Architecture of the TDStore Distributed Storage Engine
TDStore is the storage engine that powers TDSQL Boundless. It is a distributed storage engine built upon RocksDB. By incorporating a data sharding module and a distributed transaction module in its upper layers, and integrating Raft consensus protocol module in its lower layer, TDStore transforms a single-machine RocksDB into a distributed KV storage engine. This architecture delivers high scalability, high availability, distributed transactions, automatic data balancing scheduling, strong consistency across multiple replicas.
Single-Machine KV Storage Engine (RocksDB)
Receive KV requests passed from the computing layer.
Stores data using a Log-Structured Merge-Tree (LSM-Tree) structure.
Logical Data Sharding
Supports scheduling and migration by data shard.

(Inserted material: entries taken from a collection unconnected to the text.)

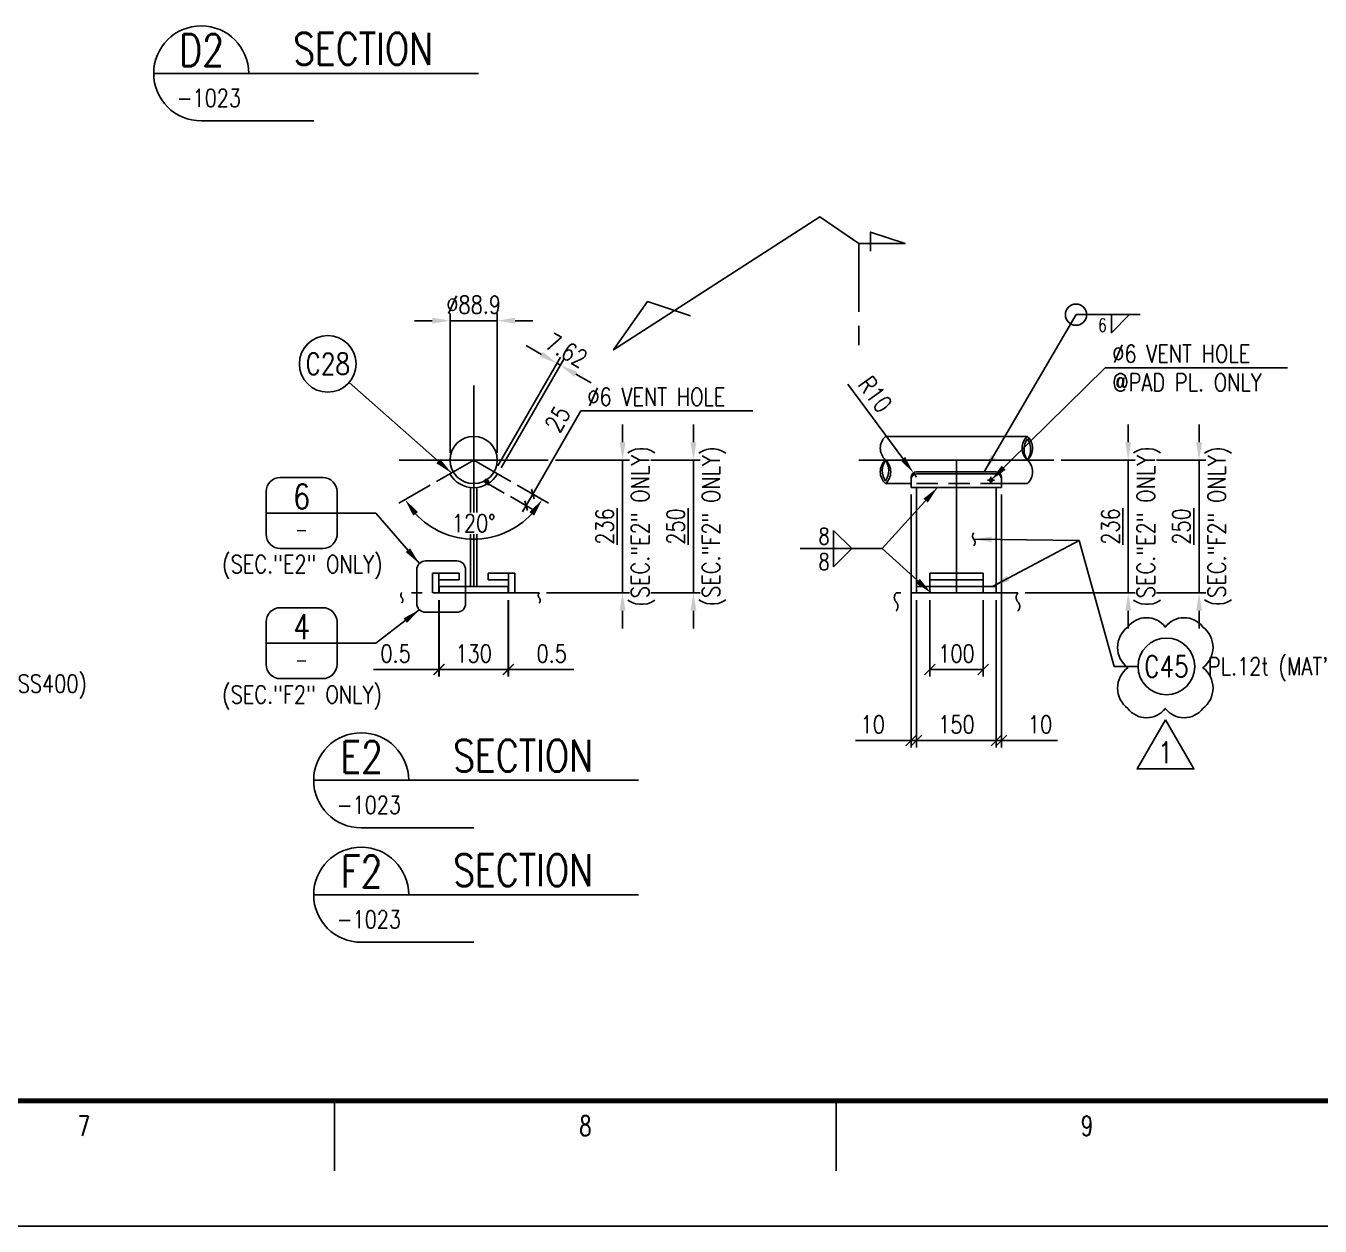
# Model space of a CAD drawing. Header units: millimetres. Extents: x 0 to 91981, y -132907 to 77676.
# Drawn here: x 72686 to 79987, y 0 to 6771 of the extents above; entities that cross this region are included whole.
import ezdxf
from ezdxf.enums import TextEntityAlignment as Align

# ---------------------------------------------------------------- set-up
doc = ezdxf.new("R2010")
doc.units = ezdxf.units.MM
doc.header["$LTSCALE"] = 60
for name, pattern in [('JNK-CENTER', [34, 30, -1.5, 1, -1.5]), ('JNK-HIDDEN', [3, 2, -1]), ('JNK-PHANTOM', [15, 10, -1, 1, -1, 1, -1])]:
    doc.linetypes.add(name, pattern=pattern)
for name, color, linetype in [('CEN-R', 1, 'JNK-CENTER'), ('CON-C', 4, 'Continuous'), ('CON-G', 3, 'Continuous'), ('CON-W', 7, 'Continuous'), ('CON-Y', 2, 'Continuous'), ('Dim-W', 7, 'Continuous'), ('HID-Y', 2, 'JNK-HIDDEN'), ('PHA-M', 6, 'JNK-PHANTOM'), ('rev-1', 2, 'Continuous'), ('rev-2', 2, 'Continuous'), ('TXT-C', 4, 'Continuous'), ('TXT-Y', 2, 'Continuous')]:
    doc.layers.add(name, color=color, linetype=linetype)
doc.layers.add('CONT-G', color=3, linetype='Continuous', lineweight=25)
doc.styles.add('DESCRIPTION', font='SIMPLEX', dxfattribs={"width": 0.85})
doc.styles.add('ROMANS', font='ROMANS.shx', dxfattribs={"width": 0.8})
doc.styles.add('SIMPLEX', font='simplex.shx', dxfattribs={"width": 0.8})
doc.dimstyles.new('DIM40', dxfattribs={"dimscale": 40, "dimtxt": 2.5, "dimasz": 2.5, "dimexe": 1, "dimexo": 1, "dimgap": 1, "dimtad": 1, "dimdec": 1, "dimdsep": 46, "dimtxsty": 'SIMPLEX', "dimcen": 0, "dimclrd": 256, "dimclre": 256, "dimclrt": 2, "dimadec": 1, "dimazin": 2, "dimtfac": 1, "dimtdec": 1, "dimtix": 1, "dimtmove": 2, "dimatfit": 2, "dimfxl": 1, "dimarcsym": 1})
doc.dimstyles.new('DIM40X3', dxfattribs={"dimscale": 40, "dimtxt": 2.5, "dimasz": 2.5, "dimexe": 1, "dimexo": 1, "dimgap": 1, "dimtad": 1, "dimdec": 1, "dimlfac": 0.333333, "dimdsep": 46, "dimtxsty": 'SIMPLEX', "dimcen": 0, "dimclrd": 256, "dimclre": 256, "dimclrt": 2, "dimadec": 1, "dimazin": 2, "dimtfac": 1, "dimtdec": 1, "dimtix": 1, "dimtmove": 2, "dimatfit": 2, "dimfxl": 1, "dimarcsym": 1})

# ---------------------------------------------------------------- blocks, each defined once
blk = doc.blocks.new('*D396')
at = {"lineweight": -2, "transparency": 16777216}
for p, q in [((76451.9, 4421.6), (76451.9, 4521.6)), ((76073, 4321.6), (76491.9, 4321.6)), ((76451.9, 4321.6), (76451.9, 3571.6)), ((75622.2, 3571.6), (76491.9, 3571.6)), ((76451.9, 3471.6), (76451.9, 3371.6))]:
    blk.add_line(p, q, dxfattribs=at)
at = {"transparency": 16777216}
for points in [[(76435.3, 4421.6), (76468.6, 4421.6), (76451.9, 4321.6)], [(76435.3, 3471.6), (76468.6, 3471.6), (76451.9, 3571.6)]]:
    blk.add_solid(points, dxfattribs=at)
at = {"layer": 'DEFPOINTS', "color": 0, "transparency": 16777216}
for p in [(76033, 4321.6), (75582.2, 3571.6)]:
    blk.add_point(p, dxfattribs=at)
at = {"color": 2, "transparency": 16777216, "char_height": 100, "attachment_point": 5, "rotation": 90, "style": 'SIMPLEX', "bg_fill": 3, "box_fill_scale": 1.1, "bg_fill_color": 256, "bg_fill_true_color": 13158600, "bg_fill_transparency": 0}
for s, insert in [('(SEC."F2" ONLY)', (76568.1, 3946.6)), ('\\L250', (76351.9, 3946.6))]:
    blk.add_mtext(s, dxfattribs=dict(at, insert=insert))
at = {"layer": 'DEFPOINTS', "color": 0, "transparency": 16777216}
blk.add_point((76451.9, 3571.6), dxfattribs=at)
blk = doc.blocks.new('TITLE')
at = {"color": 7}
for p, q in [((523.41, 17.68), (523.41, 7.78)), ((594.15, 17.68), (594.15, 7.78)), ((841, 0), (0, 0))]:
    blk.add_line(p, q, dxfattribs=at)
at = {"color": 7, "const_width": 0.707}
blk.add_lwpolyline([(28.29, 17.68), (823.67, 17.68)], dxfattribs=at)
at = {"color": 7, "style": 'ROMANS', "width": 0.7}
for s, p in [('7', (488.05, 14.15)), ('8', (558.78, 14.15)), ('9', (629.51, 14.15))]:
    blk.add_text(s, height=2.83, dxfattribs=at).set_placement(p, align=Align.MIDDLE)
blk = doc.blocks.new('weld-sy1')
blk.add_lwpolyline([(0, 2.56), (2.56, 0), (0, -2.56)], close=True)
at = {"style": 'DESCRIPTION', "width": 0.8}
for p in [(-0.563, 0.592), (-0.563, -2.992)]:
    blk.add_attdef('4', text='', height=2.2, dxfattribs=at).set_placement(p, align=Align.RIGHT)
for p in [(3.018, 0.57), (3.018, -2.87)]:
    blk.add_attdef('50-150', p, '', height=2.2, dxfattribs=at)
blk = doc.blocks.new('*D477')
at = {"layer": 'CON-W', "lineweight": -2, "transparency": 16777216}
for p, q in [((77633.2, 4329.5), (77323.5, 4749.4)), ((77710.4, 4224.9), (77692.6, 4249.1))]:
    blk.add_line(p, q, dxfattribs=at)
at = {"layer": 'CON-W', "transparency": 16777216}
blk.add_solid([(77646.6, 4339.4), (77619.8, 4319.6), (77692.6, 4249.1)], dxfattribs=at)
at = {"layer": 'DEFPOINTS', "color": 0, "transparency": 16777216}
for p in [(77692.6, 4249.1), (77710.4, 4224.9)]:
    blk.add_point(p, dxfattribs=at)
at = {"layer": 'CON-W', "color": 2, "transparency": 16777216, "insert": (77477.3, 4692.5), "char_height": 100, "attachment_point": 5, "rotation": 306.41396, "style": 'SIMPLEX'}
blk.add_mtext('R10', dxfattribs=at)
blk = doc.blocks.new('weld-sy2')
blk.add_lwpolyline([(2.56, 0), (0, -2.56), (0, 0)])
at = {"style": 'SIMPLEX', "width": 0.8}
blk.add_attdef('4', text='', height=2.2, dxfattribs=at).set_placement((-0.6504, -2.992), align=Align.RIGHT)
blk = doc.blocks.new('_Oblique')
at = {"color": 0, "linetype": 'ByBlock', "lineweight": -2}
blk.add_line((-0.5, -0.5), (0.5, 0.5), dxfattribs=at)
blk = doc.blocks.new('*D478')
at = {"layer": 'CON-W', "lineweight": -2, "transparency": 16777216}
for p, q in [((75545.3, 4129.3), (75816.2, 4598.4)), ((75456.9, 4180.3), (75580, 4109.3)), ((75419.4, 4115.4), (75542.5, 4044.3)), ((75507.8, 4064.3), (75545.3, 4129.3)), ((75507.8, 4064.3), (75487.8, 4029.7))]:
    blk.add_line(p, q, dxfattribs=at)
at = {"layer": 'DEFPOINTS', "color": 0, "transparency": 16777216}
for p in [(75422.3, 4200.3), (75384.8, 4135.4), (75507.8, 4064.3)]:
    blk.add_point(p, dxfattribs=at)
at = {"layer": 'CON-W', "lineweight": -2, "transparency": 16777216, "xscale": 40, "yscale": 40, "zscale": 40}
for p, rotation in [((75507.8, 4064.3), 60.00000000000431), ((75545.3, 4129.3), 240.0000000000043)]:
    blk.add_blockref('_Oblique', p, dxfattribs=dict(at, rotation=rotation))
at = {"layer": 'CON-W', "color": 2, "transparency": 16777216, "insert": (75685.8, 4552.7), "char_height": 100, "attachment_point": 5, "rotation": 60, "style": 'SIMPLEX'}
blk.add_mtext('25', dxfattribs=at)
blk = doc.blocks.new('*D479')
at = {"layer": 'CON-W', "lineweight": -2, "transparency": 16777216}
for p, q in [((75017.2, 3531.6), (75017.2, 3099.9)), ((75407.2, 3531.6), (75407.2, 3099.9)), ((75017.2, 3139.9), (75407.2, 3139.9))]:
    blk.add_line(p, q, dxfattribs=at)
at = {"layer": 'DEFPOINTS', "color": 0, "transparency": 16777216}
for p in [(75017.2, 3571.6), (75407.2, 3571.6), (75407.2, 3139.9)]:
    blk.add_point(p, dxfattribs=at)
at = {"layer": 'CON-W', "lineweight": -2, "transparency": 16777216, "xscale": 60, "yscale": 60, "zscale": 60, "rotation": 180}
blk.add_blockref('_Oblique', (75017.2, 3139.9), dxfattribs=at)
at = {"layer": 'CON-W', "lineweight": -2, "transparency": 16777216, "xscale": 60, "yscale": 60, "zscale": 60}
blk.add_blockref('_Oblique', (75407.2, 3139.9), dxfattribs=at)
at = {"layer": 'CON-W', "color": 2, "transparency": 16777216, "insert": (75212.2, 3229.9), "char_height": 100, "attachment_point": 5, "style": 'SIMPLEX'}
blk.add_mtext('130', dxfattribs=at)
blk = doc.blocks.new('*D480')
at = {"layer": 'CON-W', "lineweight": -2, "transparency": 16777216}
for p, q in [((75015.7, 3531.6), (75015.7, 3099.9)), ((75017.2, 3531.6), (75017.2, 3099.9)), ((75015.7, 3139.9), (74648.1, 3139.9)), ((75017.2, 3139.9), (75015.7, 3139.9)), ((75017.2, 3139.9), (75077.2, 3139.9))]:
    blk.add_line(p, q, dxfattribs=at)
at = {"layer": 'DEFPOINTS', "color": 0, "transparency": 16777216}
for p in [(75015.7, 3571.6), (75017.2, 3571.6), (75017.2, 3139.9)]:
    blk.add_point(p, dxfattribs=at)
at = {"layer": 'CON-W', "lineweight": -2, "transparency": 16777216, "xscale": 60, "yscale": 60, "zscale": 60}
blk.add_blockref('_Oblique', (75015.7, 3139.9), dxfattribs=at)
at = {"layer": 'CON-W', "lineweight": -2, "transparency": 16777216, "xscale": 60, "yscale": 60, "zscale": 60, "rotation": 180}
blk.add_blockref('_Oblique', (75017.2, 3139.9), dxfattribs=at)
at = {"layer": 'CON-W', "color": 2, "transparency": 16777216, "insert": (74771.9, 3229.9), "char_height": 100, "attachment_point": 5, "style": 'SIMPLEX'}
blk.add_mtext('0.5', dxfattribs=at)
blk = doc.blocks.new('*D481')
at = {"layer": 'CON-W', "lineweight": -2, "transparency": 16777216}
for p, q in [((75407.2, 3531.6), (75407.2, 3099.9)), ((75408.7, 3531.6), (75408.7, 3099.9)), ((75407.2, 3139.9), (75347.2, 3139.9)), ((75407.2, 3139.9), (75408.7, 3139.9)), ((75408.7, 3139.9), (75776.4, 3139.9))]:
    blk.add_line(p, q, dxfattribs=at)
at = {"layer": 'DEFPOINTS', "color": 0, "transparency": 16777216}
for p in [(75407.2, 3571.6), (75408.7, 3571.6), (75408.7, 3139.9)]:
    blk.add_point(p, dxfattribs=at)
at = {"layer": 'CON-W', "lineweight": -2, "transparency": 16777216, "xscale": 60, "yscale": 60, "zscale": 60}
blk.add_blockref('_Oblique', (75407.2, 3139.9), dxfattribs=at)
at = {"layer": 'CON-W', "lineweight": -2, "transparency": 16777216, "xscale": 60, "yscale": 60, "zscale": 60, "rotation": 180}
blk.add_blockref('_Oblique', (75408.7, 3139.9), dxfattribs=at)
at = {"layer": 'CON-W', "color": 2, "transparency": 16777216, "insert": (75652.5, 3229.9), "char_height": 100, "attachment_point": 5, "style": 'SIMPLEX'}
blk.add_mtext('0.5', dxfattribs=at)
blk = doc.blocks.new('*D482')
at = {"lineweight": -2, "transparency": 16777216}
for p, q in [((75594.8, 4917.6), (75508.2, 4967.6)), ((75347.7, 4289.6), (75701.4, 4902.2)), ((75367.5, 4278.1), (75721.2, 4890.8)), ((75701.2, 4856.2), (75681.4, 4867.6)), ((75787.8, 4806.2), (75874.5, 4756.2))]:
    blk.add_line(p, q, dxfattribs=at)
at = {"transparency": 16777216}
for points in [[(75603.2, 4932), (75586.5, 4903.2), (75681.4, 4867.6)], [(75796.2, 4820.6), (75779.5, 4791.7), (75701.2, 4856.2)]]:
    blk.add_solid(points, dxfattribs=at)
at = {"layer": 'DEFPOINTS', "color": 0, "transparency": 16777216}
for p in [(75681.4, 4867.6), (75327.7, 4254.9), (75347.5, 4243.5)]:
    blk.add_point(p, dxfattribs=at)
at = {"color": 2, "transparency": 16777216, "insert": (75736.3, 4939.8), "char_height": 100, "attachment_point": 5, "rotation": 330, "style": 'SIMPLEX'}
blk.add_mtext('7.62', dxfattribs=at)
blk = doc.blocks.new('*D483')
at = {"lineweight": -2, "transparency": 16777216}
for p, q in [((75078.9, 4361.6), (75078.9, 5147.6)), ((75345.6, 4361.6), (75345.6, 5147.6)), ((74978.9, 5107.6), (74878.9, 5107.6)), ((75078.9, 5107.6), (75345.6, 5107.6)), ((75445.6, 5107.6), (75545.6, 5107.6))]:
    blk.add_line(p, q, dxfattribs=at)
at = {"transparency": 16777216}
for points in [[(74978.9, 5124.2), (74978.9, 5090.9), (75078.9, 5107.6)], [(75445.6, 5124.2), (75445.6, 5090.9), (75345.6, 5107.6)]]:
    blk.add_solid(points, dxfattribs=at)
at = {"layer": 'DEFPOINTS', "color": 0, "transparency": 16777216}
for p in [(75345.6, 5107.6), (75078.9, 4321.6), (75345.6, 4321.6)]:
    blk.add_point(p, dxfattribs=at)
at = {"color": 2, "transparency": 16777216, "insert": (75212.2, 5197.6), "char_height": 100, "attachment_point": 5, "style": 'SIMPLEX'}
blk.add_mtext('%%C88.9', dxfattribs=at)
blk = doc.blocks.new('*D484')
at = {"layer": 'CON-W', "lineweight": -2, "transparency": 16777216}
for p, q in [((74967.5, 4180.3), (74790.8, 4078.3)), ((75456.9, 4180.3), (75633.7, 4078.3))]:
    blk.add_line(p, q, dxfattribs=at)
blk.add_arc((75212.2, 4321.6), 446.7, 222.85444, 317.14556, dxfattribs=at)
at = {"layer": 'CON-W', "transparency": 16777216}
for points in [[(74871.4, 4007.9), (74898.2, 4027.7), (74825.4, 4098.3)], [(75526.3, 4027.7), (75553.1, 4007.9), (75599.1, 4098.3)]]:
    blk.add_solid(points, dxfattribs=at)
at = {"layer": 'DEFPOINTS', "color": 0, "transparency": 16777216}
for p in [(75212.2, 4321.6), (75212.2, 4321.6), (75002.2, 4200.3), (75422.3, 4200.3)]:
    blk.add_point(p, dxfattribs=at)
at = {"layer": 'CON-W', "color": 2, "transparency": 16777216, "insert": (75212.2, 3964.9), "char_height": 100, "attachment_point": 5, "style": 'SIMPLEX', "bg_fill": 3, "box_fill_scale": 1.1, "bg_fill_color": 256, "bg_fill_true_color": 13158600, "bg_fill_transparency": 0}
blk.add_mtext('120°', dxfattribs=at)
at = {"layer": 'DEFPOINTS', "color": 0, "transparency": 16777216}
blk.add_point((75059.5, 3901.9), dxfattribs=at)
blk = doc.blocks.new('pipesece')
at = {"layer": 'CON-W'}
blk.add_lwpolyline([(0.5, 0, 0.44), (0, 0, -0.44), (-0.5, 0, -0.44), (0, 0)], format="xyb", dxfattribs=at)
blk.add_lwpolyline([(-0.446, 0, 0.31383), (0, 0, 0.31383)], format="xyb", close=True, dxfattribs=at)
blk = doc.blocks.new('SECMARK2')
at = {"layer": 'CON-C'}
blk.add_line((0, 0), (-2.72, 0), dxfattribs=at)
blk.add_lwpolyline([(-4.67, 0), (-14.32, 0), (-14.32, 6.51), (-15.93, 1.64), (-13.23, 1.64)], dxfattribs=at)
at = {"layer": 'CON-C', "style": 'SIMPLEX', "width": 0.8}
blk.add_attdef('TAG', (-12.98, 1.18), '', height=3.5, dxfattribs=at)
blk = doc.blocks.new('SECTITLE')
at = {"layer": 'CON-G'}
for p, q in [((-1.7, 0), (44.1, 0)), ((5, -6.7), (20.86, -6.7))]:
    blk.add_line(p, q, dxfattribs=at)
blk.add_arc((5, 0), 6.7, 0, 270, dxfattribs=at)
at = {"layer": 'CON-C', "style": 'SIMPLEX', "width": 0.8}
for tag, p in [('A', (5.06, 1.04)), ('ELEVATION', (27.83, 1.22))]:
    blk.add_attdef(tag, text='', height=4.5, dxfattribs=at).set_placement(p, align=Align.CENTER)
at = {"layer": 'CON-Y', "style": 'SIMPLEX', "width": 0.8}
blk.add_attdef('SCALE', text='', height=2.5, dxfattribs=at).set_placement((44.9, -3.72), align=Align.RIGHT)
blk.add_attdef('H0000-0000', (1.54, -4.72), '', height=2.5, dxfattribs=at)
blk = doc.blocks.new('piec-tag')
at = {"layer": 'CON-Y'}
blk.add_circle((0, 0), 4, dxfattribs=at)
at = {"layer": 'CON-G', "style": 'SIMPLEX', "width": 0.8}
blk.add_attdef('P.N', text='', height=3, dxfattribs=at).set_placement((0, 0), align=Align.MIDDLE)
at = {"layer": 'CON-G', "style": 'SIMPLEX', "width": 0.8, "flags": 1}
blk.add_attdef('BOM', (4.48, -3.74), '', height=2.5, dxfattribs=at)
blk = doc.blocks.new('*D497')
at = {"lineweight": -2, "transparency": 16777216}
for p, q in [((79304.3, 4421.6), (79304.3, 4521.6)), ((78925.4, 4321.6), (79344.3, 4321.6)), ((79304.3, 4321.6), (79304.3, 3571.6)), ((78722.5, 3571.6), (79344.3, 3571.6)), ((79304.3, 3471.6), (79304.3, 3371.6))]:
    blk.add_line(p, q, dxfattribs=at)
at = {"transparency": 16777216}
for points in [[(79287.7, 4421.6), (79321, 4421.6), (79304.3, 4321.6)], [(79287.7, 3471.6), (79321, 3471.6), (79304.3, 3571.6)]]:
    blk.add_solid(points, dxfattribs=at)
at = {"layer": 'DEFPOINTS', "color": 0, "transparency": 16777216}
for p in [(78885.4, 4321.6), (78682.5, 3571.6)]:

Implements flexible scheduling of data across nodes in the cluster.
Distributed Transaction
Maintains participant context and transaction states for distributed transactions across various data shards.
Supports scheduling co-location related data onto the same data shard. This strategy converts most of the distributed transactions into non-distributed transactions, thereby improving overall transaction performance.
Multi-Replica Disaster Recovery Layer (Multi-Raft)
Creates multiple replicas for each data shard across different TDStore nodes, with each shard and its replicas forming a Raft Group.
Each data shard is synchronized as an independent log stream.
Low-Cost Mass Storage
The TDStore storage layer leverages an LSM-Tree and SSTable architecture to store and manage data. This design achieves a very high compression ratio, significantly reducing storage costs for massive datasets. A single instance can support petabyte-scale (PB-scale) storage.